By the mid-1990s, computer algebra and sparse resultant techniques were the most advanced tools for formulating and solving increasingly complex arrays of polynomials obtained in the study of mechanisms and robotics systems (11,12). In 1996, Husty used computer algebra to reduce eight quadratic equations in eight soma coordinates that locate the end-effector of a general six-legged Stewart platform to a degree 40 polynomial (13), which allowed the calculation of the 40 configurations of the system.
Computers
In 1959, Freudenstein and Sandor (14) used the newly developed digital computer and the loop equations of a linkage to determine its dimensions, initiating the computer-aided design of mechanisms. Within 2 decades, the computer solution of the equations introduced by Denavit and Hartenberg was integral to the analysis of complex machine systems (15,16) and the control of robot manipulators (17).

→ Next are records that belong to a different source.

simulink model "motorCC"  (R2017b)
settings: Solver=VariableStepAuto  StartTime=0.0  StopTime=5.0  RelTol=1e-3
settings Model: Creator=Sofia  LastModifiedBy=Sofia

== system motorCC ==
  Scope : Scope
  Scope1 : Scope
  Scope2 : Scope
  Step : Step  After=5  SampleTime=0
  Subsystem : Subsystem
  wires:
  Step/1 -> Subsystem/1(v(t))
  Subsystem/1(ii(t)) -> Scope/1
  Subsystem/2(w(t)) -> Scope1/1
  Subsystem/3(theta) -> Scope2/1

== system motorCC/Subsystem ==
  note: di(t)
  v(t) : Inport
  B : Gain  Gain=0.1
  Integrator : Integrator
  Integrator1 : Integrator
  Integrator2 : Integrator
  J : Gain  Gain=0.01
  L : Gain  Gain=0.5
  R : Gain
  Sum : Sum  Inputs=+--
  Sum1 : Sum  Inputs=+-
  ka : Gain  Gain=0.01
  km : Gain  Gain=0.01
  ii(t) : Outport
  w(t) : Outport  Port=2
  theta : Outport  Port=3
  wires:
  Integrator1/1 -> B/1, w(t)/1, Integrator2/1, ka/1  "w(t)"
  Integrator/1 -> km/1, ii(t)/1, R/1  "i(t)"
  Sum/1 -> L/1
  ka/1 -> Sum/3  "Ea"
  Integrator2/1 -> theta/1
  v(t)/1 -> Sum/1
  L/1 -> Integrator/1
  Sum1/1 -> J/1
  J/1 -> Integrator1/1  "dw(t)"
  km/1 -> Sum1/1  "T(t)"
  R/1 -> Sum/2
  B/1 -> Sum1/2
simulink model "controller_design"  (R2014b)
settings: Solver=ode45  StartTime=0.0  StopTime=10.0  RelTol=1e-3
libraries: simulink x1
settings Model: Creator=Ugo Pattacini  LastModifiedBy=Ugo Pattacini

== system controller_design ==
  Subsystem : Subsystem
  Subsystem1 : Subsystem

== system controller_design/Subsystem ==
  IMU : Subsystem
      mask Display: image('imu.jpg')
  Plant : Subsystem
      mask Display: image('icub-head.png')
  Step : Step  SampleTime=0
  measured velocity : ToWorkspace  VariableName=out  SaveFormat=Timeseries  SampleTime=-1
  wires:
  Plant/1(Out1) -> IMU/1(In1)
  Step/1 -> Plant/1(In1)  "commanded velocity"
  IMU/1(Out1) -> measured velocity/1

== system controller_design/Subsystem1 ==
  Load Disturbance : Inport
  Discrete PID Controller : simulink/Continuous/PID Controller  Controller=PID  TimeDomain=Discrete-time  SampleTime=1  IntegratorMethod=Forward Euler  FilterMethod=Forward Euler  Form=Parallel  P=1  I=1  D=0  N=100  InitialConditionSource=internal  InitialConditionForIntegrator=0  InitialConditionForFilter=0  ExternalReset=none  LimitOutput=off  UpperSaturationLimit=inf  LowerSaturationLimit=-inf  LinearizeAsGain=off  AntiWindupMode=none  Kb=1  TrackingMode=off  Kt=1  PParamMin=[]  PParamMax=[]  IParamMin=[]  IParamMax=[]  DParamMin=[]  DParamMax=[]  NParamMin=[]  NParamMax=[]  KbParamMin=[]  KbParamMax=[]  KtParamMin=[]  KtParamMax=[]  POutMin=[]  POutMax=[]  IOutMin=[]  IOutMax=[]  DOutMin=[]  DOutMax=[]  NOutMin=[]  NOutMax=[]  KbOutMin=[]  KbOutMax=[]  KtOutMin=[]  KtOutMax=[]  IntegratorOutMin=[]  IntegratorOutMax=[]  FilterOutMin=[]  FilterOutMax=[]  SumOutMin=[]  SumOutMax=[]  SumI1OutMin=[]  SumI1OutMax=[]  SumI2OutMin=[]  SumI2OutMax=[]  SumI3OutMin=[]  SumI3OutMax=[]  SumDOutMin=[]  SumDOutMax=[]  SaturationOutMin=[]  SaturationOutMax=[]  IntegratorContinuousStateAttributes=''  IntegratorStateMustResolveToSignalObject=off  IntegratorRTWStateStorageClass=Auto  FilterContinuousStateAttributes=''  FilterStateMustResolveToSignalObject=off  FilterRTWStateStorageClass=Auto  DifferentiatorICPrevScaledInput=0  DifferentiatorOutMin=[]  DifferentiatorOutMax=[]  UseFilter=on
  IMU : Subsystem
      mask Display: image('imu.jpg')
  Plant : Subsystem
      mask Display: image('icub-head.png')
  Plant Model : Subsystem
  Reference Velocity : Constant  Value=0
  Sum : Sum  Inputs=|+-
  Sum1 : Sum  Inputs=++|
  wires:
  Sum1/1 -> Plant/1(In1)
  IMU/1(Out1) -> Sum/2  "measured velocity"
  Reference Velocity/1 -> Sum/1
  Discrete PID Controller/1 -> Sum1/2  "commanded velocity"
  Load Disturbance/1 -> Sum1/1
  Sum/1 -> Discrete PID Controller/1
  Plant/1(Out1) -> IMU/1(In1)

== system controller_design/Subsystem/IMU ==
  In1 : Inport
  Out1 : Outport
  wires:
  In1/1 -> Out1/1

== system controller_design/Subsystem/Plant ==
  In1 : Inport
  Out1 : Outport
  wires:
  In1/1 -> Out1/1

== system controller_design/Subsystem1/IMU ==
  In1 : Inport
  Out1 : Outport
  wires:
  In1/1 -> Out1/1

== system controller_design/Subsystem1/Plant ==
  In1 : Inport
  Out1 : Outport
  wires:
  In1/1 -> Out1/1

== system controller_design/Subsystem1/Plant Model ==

Kaufman et al. (18,19) combined the computer’s ability to rapidly compute the roots of polynomial equations with a graphical display to unite Freudenstein’s techniques with the geometrical methods of Reuleaux and Burmester to form KINSYN, an interactive computer graphics system for mechanism design (Fig. 2). This was followed by the LINCAGES system of Erdman et al. (20,21) and the RECSYN system of Chuang et al. (22), which combined sophisticated computer graphics and polynomial solvers to implement Burmester’s strategy for linkage synthesis. Computerized linkage synthesis was extended to spherical linkages (23,24) and spatial linkages (25) by the turn of the 21st century.
The pursuit of solutions to the design equations for the particularly challenging problem of finding a four-bar linkage that traces a curve through nine specified points led Freudenstein and Roth (26 27) to develop a unique solution strategy, now called numerical continuation. They started with a set of polynomials with a known solution, which was then deformed slightly, and the solution was updated numerically. Iterating this “parameter-perturbation procedure,” they obtained a sequence of polynomials and solutions that converged to the target polynomials and the desired solution. While this yielded the first solutions to the nine-point problem, their heuristic deformation procedure could not find all of the solutions.
By the 1980s, theoretical advances in numerical continuation yielded algorithms that could reliably and efficiently find all solutions to small sets of polynomial equations (28,29). Tsai and Morgan (30) applied the polynomial continuation routine SYMPOL to the eight quadratic polynomials of the inverse kinematics problem for a general manipulator and obtained 16 roots in 4 min. In the early 1990s, Wampler and Morgan (31) revisited Freudenstein and Roth’s nine-point synthesis problem to obtain 1442 solutions, demonstrating that polynomial continuation algorithms had come of age.
A few years later, Raghavan and Roth (32,33) included polynomial continuation with resultant elimination among the strategies to obtain complete solutions to kinematics problems. In fact, Raghavan (34) used polynomial continuation to obtain 40 configurations for the general Stewart platform, anticipating Husty’s degree 40 polynomial.
Conclusion
The goal of this survey is to show that in the past century, our ability to analyze and design mechanisms and robotic systems of increasing complexity has depended on our ability to derive and solve the associated increasingly complex polynomial systems. From this, we can expect that advances in computer algebra and numerical continuation for the derivation and solution of the even more complex polynomial systems will advance research in mechanisms and robotics.